La caduta della dinastia Assad, che ha governato la Siria con pugno di ferro per mezzo secolo, rappresenta un cambiamento epocale nella geopolitica del Medio Oriente. La fine del potere degli Assad chiude la storia del Baath, il partito panarabo radicato in Iraq e Siria che avrebbe dovuto modernizzare questi Paesi, perseguendone gli interessi nazionali dopo l'epoca coloniale. Tuttavia, la regione rimane caratterizzata dalla volatilità delle alleanze, un tratto distintivo che perdura da decenni.

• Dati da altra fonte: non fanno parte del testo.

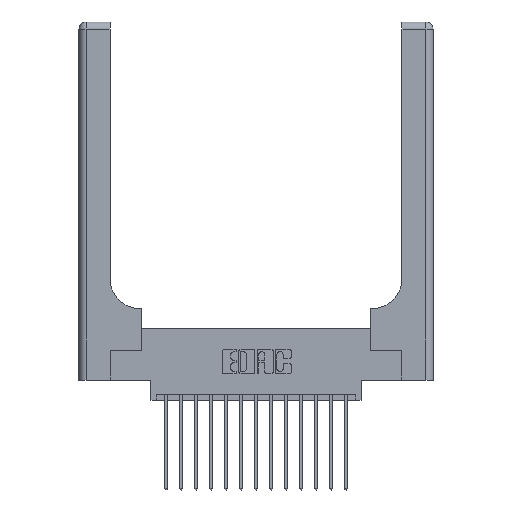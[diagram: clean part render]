
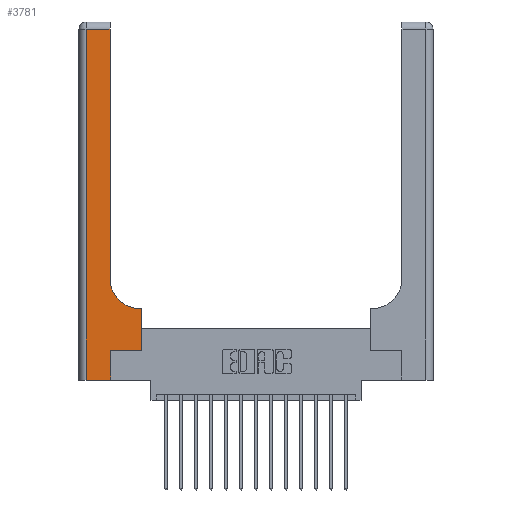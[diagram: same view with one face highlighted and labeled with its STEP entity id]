
A CAD part, top view. The second image highlights one B-rep face of the part: STEP entity #3781.
In plain terms, the highlighted planar face has unit normal (0, 0, 1).
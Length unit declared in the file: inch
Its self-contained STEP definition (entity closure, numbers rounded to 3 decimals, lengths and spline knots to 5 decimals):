
#45 = VECTOR ( 'NONE', #6647, 39.37008 ) ;
#203 = LINE ( 'NONE', #4536, #538 ) ;
#216 = VERTEX_POINT ( 'NONE', #15175 ) ;
#538 = VECTOR ( 'NONE', #15731, 39.37008 ) ;
#841 = EDGE_LOOP ( 'NONE', ( #7675, #12530, #7715, #9164, #15909, #1863, #8410, #17644, #9379 ) ) ;
#1042 = LINE ( 'NONE', #16541, #10426 ) ;
#1676 = CARTESIAN_POINT ( 'NONE',  ( 0.26, 0.6, 0.37 ) ) ;
#1863 = ORIENTED_EDGE ( 'NONE', *, *, #10419, .T. ) ;
#2457 = DIRECTION ( 'NONE',  ( 1., 0., 0. ) ) ;
#2680 = LINE ( 'NONE', #18099, #11382 ) ;
#3426 = AXIS2_PLACEMENT_3D ( 'NONE', #14814, #9149, #10886 ) ;
#3527 = LINE ( 'NONE', #14712, #7676 ) ;
#3568 = VERTEX_POINT ( 'NONE', #17284 ) ;
#3571 = DIRECTION ( 'NONE',  ( 0., 0., -1. ) ) ;
#3777 = EDGE_CURVE ( 'NONE', #4662, #13341, #5003, .T. ) ;
#3781 = ADVANCED_FACE ( 'NONE', ( #10627 ), #17745, .F. ) ;
#4006 = DIRECTION ( 'NONE',  ( 0., 1., 0. ) ) ;
#4119 = CIRCLE ( 'NONE', #6470, 0.25 ) ;
#4270 = CARTESIAN_POINT ( 'NONE',  ( 0.265, 0., 0.37 ) ) ;
#4536 = CARTESIAN_POINT ( 'NONE',  ( 0.528, 0.25, 0.37 ) ) ;
#4662 = VERTEX_POINT ( 'NONE', #15918 ) ;
#5003 = LINE ( 'NONE', #15000, #12500 ) ;
#5441 = CARTESIAN_POINT ( 'NONE',  ( 0.06, 3., 0.37 ) ) ;
#5740 = VERTEX_POINT ( 'NONE', #14262 ) ;
#5836 = EDGE_CURVE ( 'NONE', #13341, #17510, #13593, .T. ) ;
#6186 = EDGE_CURVE ( 'NONE', #6664, #16055, #2680, .T. ) ;
#6470 = AXIS2_PLACEMENT_3D ( 'NONE', #16122, #3571, #2457 ) ;
#6647 = DIRECTION ( 'NONE',  ( 0., -1., 0. ) ) ;
#6664 = VERTEX_POINT ( 'NONE', #4270 ) ;
#7200 = EDGE_CURVE ( 'NONE', #3568, #216, #4119, .T. ) ;
#7675 = ORIENTED_EDGE ( 'NONE', *, *, #12628, .T. ) ;
#7676 = VECTOR ( 'NONE', #13327, 39.37008 ) ;
#7715 = ORIENTED_EDGE ( 'NONE', *, *, #5836, .T. ) ;
#8410 = ORIENTED_EDGE ( 'NONE', *, *, #9157, .T. ) ;
#8948 = VECTOR ( 'NONE', #15145, 39.37008 ) ;
#9149 = DIRECTION ( 'NONE',  ( 0., 0., -1. ) ) ;
#9157 = EDGE_CURVE ( 'NONE', #5740, #16231, #203, .T. ) ;
#9164 = ORIENTED_EDGE ( 'NONE', *, *, #17938, .T. ) ;
#9379 = ORIENTED_EDGE ( 'NONE', *, *, #7200, .T. ) ;
#9974 = DIRECTION ( 'NONE',  ( 0., 1., 0. ) ) ;
#10270 = LINE ( 'NONE', #1676, #17908 ) ;
#10419 = EDGE_CURVE ( 'NONE', #16055, #5740, #3527, .T. ) ;
#10426 = VECTOR ( 'NONE', #4006, 39.37008 ) ;
#10627 = FACE_OUTER_BOUND ( 'NONE', #841, .T. ) ;
#10769 = CARTESIAN_POINT ( 'NONE',  ( 0.528, 0.6, 0.37 ) ) ;
#10886 = DIRECTION ( 'NONE',  ( -1., 0., 0. ) ) ;
#10931 = LINE ( 'NONE', #16477, #8948 ) ;
#10949 = CARTESIAN_POINT ( 'NONE',  ( 0.06, 2.94, 0.37 ) ) ;
#11382 = VECTOR ( 'NONE', #9974, 39.37008 ) ;
#11525 = DIRECTION ( 'NONE',  ( -1., 0., 0. ) ) ;
#12141 = DIRECTION ( 'NONE',  ( -1., 0., 0. ) ) ;
#12500 = VECTOR ( 'NONE', #12141, 39.37008 ) ;
#12530 = ORIENTED_EDGE ( 'NONE', *, *, #3777, .T. ) ;
#12628 = EDGE_CURVE ( 'NONE', #216, #4662, #1042, .T. ) ;
#12703 = EDGE_CURVE ( 'NONE', #16231, #3568, #10270, .T. ) ;
#13327 = DIRECTION ( 'NONE',  ( 1., 0., 0. ) ) ;
#13341 = VERTEX_POINT ( 'NONE', #10949 ) ;
#13577 = CARTESIAN_POINT ( 'NONE',  ( 0.06, 0., 0.37 ) ) ;
#13593 = LINE ( 'NONE', #5441, #45 ) ;
#14262 = CARTESIAN_POINT ( 'NONE',  ( 0.528, 0.25, 0.37 ) ) ;
#14712 = CARTESIAN_POINT ( 'NONE',  ( 0.265, 0.25, 0.37 ) ) ;
#14814 = CARTESIAN_POINT ( 'NONE',  ( 0., 3., 0.37 ) ) ;
#15000 = CARTESIAN_POINT ( 'NONE',  ( 0., 2.94, 0.37 ) ) ;
#15145 = DIRECTION ( 'NONE',  ( 1., 0., 0. ) ) ;
#15175 = CARTESIAN_POINT ( 'NONE',  ( 0.26, 0.85, 0.37 ) ) ;
#15731 = DIRECTION ( 'NONE',  ( 0., 1., 0. ) ) ;
#15802 = CARTESIAN_POINT ( 'NONE',  ( 0.265, 0.25, 0.37 ) ) ;
#15909 = ORIENTED_EDGE ( 'NONE', *, *, #6186, .T. ) ;
#15918 = CARTESIAN_POINT ( 'NONE',  ( 0.26, 2.94, 0.37 ) ) ;
#16055 = VERTEX_POINT ( 'NONE', #15802 ) ;
#16122 = CARTESIAN_POINT ( 'NONE',  ( 0.51, 0.85, 0.37 ) ) ;
#16231 = VERTEX_POINT ( 'NONE', #10769 ) ;
#16477 = CARTESIAN_POINT ( 'NONE',  ( 0., 0., 0.37 ) ) ;
#16541 = CARTESIAN_POINT ( 'NONE',  ( 0.26, 3., 0.37 ) ) ;
#17284 = CARTESIAN_POINT ( 'NONE',  ( 0.51, 0.6, 0.37 ) ) ;
#17510 = VERTEX_POINT ( 'NONE', #13577 ) ;
#17644 = ORIENTED_EDGE ( 'NONE', *, *, #12703, .T. ) ;
#17745 = PLANE ( 'NONE',  #3426 ) ;
#17908 = VECTOR ( 'NONE', #11525, 39.37008 ) ;
#17938 = EDGE_CURVE ( 'NONE', #17510, #6664, #10931, .T. ) ;
#18099 = CARTESIAN_POINT ( 'NONE',  ( 0.265, 0., 0.37 ) ) ;

Nel cortile della moschea degli Omayyadi dell'VIII secolo, una donna si filma con il suo smartphone, immortalando un momento storico per la Siria. I ribelli, guidati dagli islamisti, hanno preso Damasco con una rapidità sorprendente, costringendo Assad alla fuga. L'ex presidente siriano, non l'unica personalità di spicco a trovare rifugio in Russia, si unisce a figure come Viktor Yanukovich, leader ucraino scappato dopo la rivoluzione di Maidan, ed Edward Snowden.
Per la Russia e l'Iran, la caduta di Assad rappresenta una sconfitta senza mezzi termini. La Siria, un tempo alleato strategico, è ora in mano a forze che potrebbero rivedere le alleanze regionali. La fine del regime Baathista in Siria segna la conclusione di un'era, ma l'instabilità mediorientale non è certo una novità.